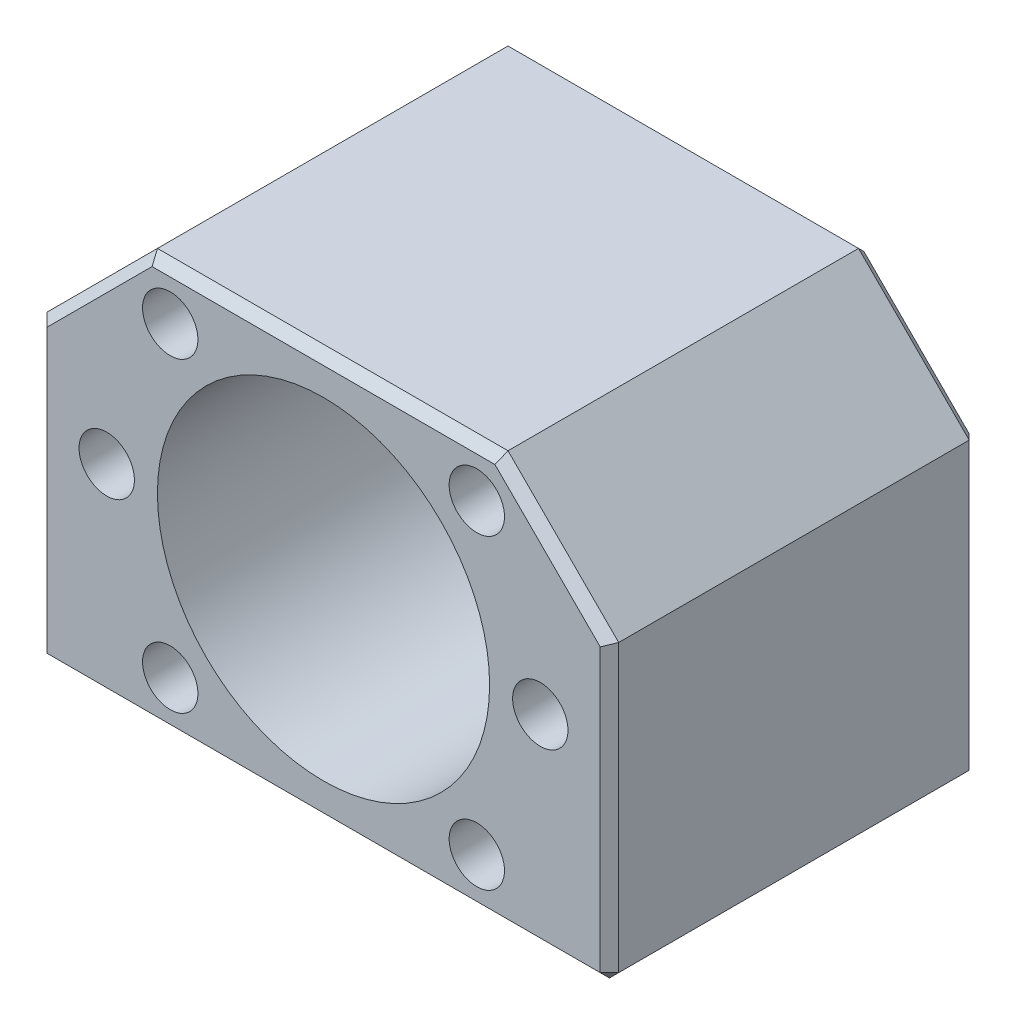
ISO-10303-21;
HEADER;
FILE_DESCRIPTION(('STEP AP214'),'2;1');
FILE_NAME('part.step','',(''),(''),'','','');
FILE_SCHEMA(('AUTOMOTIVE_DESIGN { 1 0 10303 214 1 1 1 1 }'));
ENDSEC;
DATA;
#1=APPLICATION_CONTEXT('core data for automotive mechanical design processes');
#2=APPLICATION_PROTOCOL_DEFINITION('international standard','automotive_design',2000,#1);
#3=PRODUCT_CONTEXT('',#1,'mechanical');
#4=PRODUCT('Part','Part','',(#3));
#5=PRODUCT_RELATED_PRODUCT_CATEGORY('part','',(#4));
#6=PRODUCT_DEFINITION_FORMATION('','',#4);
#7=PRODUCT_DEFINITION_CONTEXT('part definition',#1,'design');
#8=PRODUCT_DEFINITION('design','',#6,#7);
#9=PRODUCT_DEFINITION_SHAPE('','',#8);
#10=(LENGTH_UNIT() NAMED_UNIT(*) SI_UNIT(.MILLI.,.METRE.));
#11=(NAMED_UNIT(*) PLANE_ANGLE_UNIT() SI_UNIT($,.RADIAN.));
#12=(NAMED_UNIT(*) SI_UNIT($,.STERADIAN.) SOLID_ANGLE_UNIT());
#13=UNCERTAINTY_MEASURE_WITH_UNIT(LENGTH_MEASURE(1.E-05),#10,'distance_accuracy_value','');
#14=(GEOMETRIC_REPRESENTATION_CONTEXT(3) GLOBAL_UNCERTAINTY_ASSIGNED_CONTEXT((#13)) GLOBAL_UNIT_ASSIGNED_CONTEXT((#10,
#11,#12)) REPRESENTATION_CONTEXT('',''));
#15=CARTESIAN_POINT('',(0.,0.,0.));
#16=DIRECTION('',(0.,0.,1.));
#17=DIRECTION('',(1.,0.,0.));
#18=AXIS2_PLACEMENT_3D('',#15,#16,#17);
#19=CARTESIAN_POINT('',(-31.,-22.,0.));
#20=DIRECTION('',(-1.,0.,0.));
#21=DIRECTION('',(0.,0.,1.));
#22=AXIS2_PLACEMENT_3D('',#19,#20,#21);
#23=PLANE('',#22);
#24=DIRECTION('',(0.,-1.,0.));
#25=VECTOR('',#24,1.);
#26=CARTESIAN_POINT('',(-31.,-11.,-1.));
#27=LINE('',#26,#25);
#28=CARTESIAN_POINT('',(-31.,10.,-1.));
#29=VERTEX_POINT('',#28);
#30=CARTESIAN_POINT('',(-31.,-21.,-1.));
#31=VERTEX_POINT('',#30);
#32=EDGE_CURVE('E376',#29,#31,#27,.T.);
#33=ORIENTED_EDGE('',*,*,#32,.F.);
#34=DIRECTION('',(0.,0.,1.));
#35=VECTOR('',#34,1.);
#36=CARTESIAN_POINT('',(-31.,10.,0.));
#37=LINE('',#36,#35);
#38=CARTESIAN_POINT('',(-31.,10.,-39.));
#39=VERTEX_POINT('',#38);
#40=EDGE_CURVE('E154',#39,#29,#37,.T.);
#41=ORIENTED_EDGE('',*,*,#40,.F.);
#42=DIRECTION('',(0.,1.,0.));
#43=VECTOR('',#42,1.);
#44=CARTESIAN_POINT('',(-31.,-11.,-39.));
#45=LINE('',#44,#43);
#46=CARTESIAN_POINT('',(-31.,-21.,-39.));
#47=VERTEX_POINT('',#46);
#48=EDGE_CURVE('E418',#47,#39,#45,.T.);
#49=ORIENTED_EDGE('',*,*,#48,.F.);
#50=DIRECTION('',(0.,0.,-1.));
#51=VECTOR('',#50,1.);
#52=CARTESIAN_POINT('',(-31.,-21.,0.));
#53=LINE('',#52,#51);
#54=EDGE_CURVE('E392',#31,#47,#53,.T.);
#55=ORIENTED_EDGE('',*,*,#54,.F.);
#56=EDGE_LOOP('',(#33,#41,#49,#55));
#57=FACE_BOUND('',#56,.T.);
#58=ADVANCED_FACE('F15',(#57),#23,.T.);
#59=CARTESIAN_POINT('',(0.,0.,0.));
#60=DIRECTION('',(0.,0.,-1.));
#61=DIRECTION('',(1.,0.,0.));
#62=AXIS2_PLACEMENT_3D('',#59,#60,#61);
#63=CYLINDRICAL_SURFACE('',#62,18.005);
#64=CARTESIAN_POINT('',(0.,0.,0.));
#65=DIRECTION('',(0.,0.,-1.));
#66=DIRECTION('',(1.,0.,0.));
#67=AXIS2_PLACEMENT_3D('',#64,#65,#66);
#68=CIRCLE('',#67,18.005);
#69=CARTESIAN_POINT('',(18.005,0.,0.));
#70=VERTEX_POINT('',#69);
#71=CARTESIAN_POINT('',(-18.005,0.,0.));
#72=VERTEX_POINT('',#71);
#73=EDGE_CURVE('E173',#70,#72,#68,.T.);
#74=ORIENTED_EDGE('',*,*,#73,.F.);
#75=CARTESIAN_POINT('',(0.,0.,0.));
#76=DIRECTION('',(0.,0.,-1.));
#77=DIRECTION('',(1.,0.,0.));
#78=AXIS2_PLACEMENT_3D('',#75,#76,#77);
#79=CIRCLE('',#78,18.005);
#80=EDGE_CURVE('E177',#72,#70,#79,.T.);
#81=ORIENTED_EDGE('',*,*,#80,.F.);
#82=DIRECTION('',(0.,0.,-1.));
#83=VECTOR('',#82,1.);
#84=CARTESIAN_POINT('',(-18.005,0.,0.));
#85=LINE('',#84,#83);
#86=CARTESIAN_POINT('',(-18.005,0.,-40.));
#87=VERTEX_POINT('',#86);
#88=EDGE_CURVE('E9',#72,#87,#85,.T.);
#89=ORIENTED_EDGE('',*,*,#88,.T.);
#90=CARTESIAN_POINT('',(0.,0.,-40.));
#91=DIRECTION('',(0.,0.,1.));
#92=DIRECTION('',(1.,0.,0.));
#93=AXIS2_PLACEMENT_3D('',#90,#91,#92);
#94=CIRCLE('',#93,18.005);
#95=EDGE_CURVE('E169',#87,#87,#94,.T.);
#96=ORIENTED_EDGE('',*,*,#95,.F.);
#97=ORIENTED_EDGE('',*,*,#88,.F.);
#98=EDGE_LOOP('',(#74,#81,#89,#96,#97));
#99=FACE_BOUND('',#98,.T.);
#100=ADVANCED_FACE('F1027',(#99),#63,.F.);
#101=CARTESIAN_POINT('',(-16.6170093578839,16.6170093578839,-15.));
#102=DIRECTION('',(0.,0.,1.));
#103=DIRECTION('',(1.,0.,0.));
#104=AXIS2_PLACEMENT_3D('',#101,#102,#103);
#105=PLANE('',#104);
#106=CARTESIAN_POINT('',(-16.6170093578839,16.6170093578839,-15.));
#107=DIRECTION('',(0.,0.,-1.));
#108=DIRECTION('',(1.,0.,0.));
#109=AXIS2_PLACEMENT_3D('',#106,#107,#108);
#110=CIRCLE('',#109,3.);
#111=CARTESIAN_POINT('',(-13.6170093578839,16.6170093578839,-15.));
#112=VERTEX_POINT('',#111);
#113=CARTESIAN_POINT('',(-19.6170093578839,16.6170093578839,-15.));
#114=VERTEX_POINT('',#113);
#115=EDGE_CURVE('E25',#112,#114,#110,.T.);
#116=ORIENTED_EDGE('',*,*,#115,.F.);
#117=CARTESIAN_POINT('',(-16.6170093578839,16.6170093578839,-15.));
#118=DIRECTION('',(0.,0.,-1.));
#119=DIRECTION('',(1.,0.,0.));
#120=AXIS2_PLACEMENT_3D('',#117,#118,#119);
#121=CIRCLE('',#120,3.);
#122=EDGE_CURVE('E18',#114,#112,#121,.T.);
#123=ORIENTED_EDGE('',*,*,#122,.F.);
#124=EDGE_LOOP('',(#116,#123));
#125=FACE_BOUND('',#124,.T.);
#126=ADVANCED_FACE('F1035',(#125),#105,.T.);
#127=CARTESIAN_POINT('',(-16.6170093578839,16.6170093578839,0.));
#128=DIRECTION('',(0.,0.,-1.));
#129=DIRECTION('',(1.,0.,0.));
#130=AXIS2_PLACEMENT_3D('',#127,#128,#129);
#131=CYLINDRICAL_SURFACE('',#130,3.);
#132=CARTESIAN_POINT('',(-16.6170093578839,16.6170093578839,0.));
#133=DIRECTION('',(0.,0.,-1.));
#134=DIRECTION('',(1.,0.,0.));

● **Work task**
Print again, exactly, the lines of the records above from the first line through the line with "#37=LINE('',#36,#35);". No pictures.

● **Task response**
ISO-10303-21;
HEADER;
FILE_DESCRIPTION(('STEP AP214'),'2;1');
FILE_NAME('part.step','',(''),(''),'','','');
FILE_SCHEMA(('AUTOMOTIVE_DESIGN { 1 0 10303 214 1 1 1 1 }'));
ENDSEC;
DATA;
#1=APPLICATION_CONTEXT('core data for automotive mechanical design processes');
#2=APPLICATION_PROTOCOL_DEFINITION('international standard','automotive_design',2000,#1);
#3=PRODUCT_CONTEXT('',#1,'mechanical');
#4=PRODUCT('Part','Part','',(#3));
#5=PRODUCT_RELATED_PRODUCT_CATEGORY('part','',(#4));
#6=PRODUCT_DEFINITION_FORMATION('','',#4);
#7=PRODUCT_DEFINITION_CONTEXT('part definition',#1,'design');
#8=PRODUCT_DEFINITION('design','',#6,#7);
#9=PRODUCT_DEFINITION_SHAPE('','',#8);
#10=(LENGTH_UNIT() NAMED_UNIT(*) SI_UNIT(.MILLI.,.METRE.));
#11=(NAMED_UNIT(*) PLANE_ANGLE_UNIT() SI_UNIT($,.RADIAN.));
#12=(NAMED_UNIT(*) SI_UNIT($,.STERADIAN.) SOLID_ANGLE_UNIT());
#13=UNCERTAINTY_MEASURE_WITH_UNIT(LENGTH_MEASURE(1.E-05),#10,'distance_accuracy_value','');
#14=(GEOMETRIC_REPRESENTATION_CONTEXT(3) GLOBAL_UNCERTAINTY_ASSIGNED_CONTEXT((#13)) GLOBAL_UNIT_ASSIGNED_CONTEXT((#10,
#11,#12)) REPRESENTATION_CONTEXT('',''));
#15=CARTESIAN_POINT('',(0.,0.,0.));
#16=DIRECTION('',(0.,0.,1.));
#17=DIRECTION('',(1.,0.,0.));
#18=AXIS2_PLACEMENT_3D('',#15,#16,#17);
#19=CARTESIAN_POINT('',(-31.,-22.,0.));
#20=DIRECTION('',(-1.,0.,0.));
#21=DIRECTION('',(0.,0.,1.));
#22=AXIS2_PLACEMENT_3D('',#19,#20,#21);
#23=PLANE('',#22);
#24=DIRECTION('',(0.,-1.,0.));
#25=VECTOR('',#24,1.);
#26=CARTESIAN_POINT('',(-31.,-11.,-1.));
#27=LINE('',#26,#25);
#28=CARTESIAN_POINT('',(-31.,10.,-1.));
#29=VERTEX_POINT('',#28);
#30=CARTESIAN_POINT('',(-31.,-21.,-1.));
#31=VERTEX_POINT('',#30);
#32=EDGE_CURVE('E376',#29,#31,#27,.T.);
#33=ORIENTED_EDGE('',*,*,#32,.F.);
#34=DIRECTION('',(0.,0.,1.));
#35=VECTOR('',#34,1.);
#36=CARTESIAN_POINT('',(-31.,10.,0.));
#37=LINE('',#36,#35);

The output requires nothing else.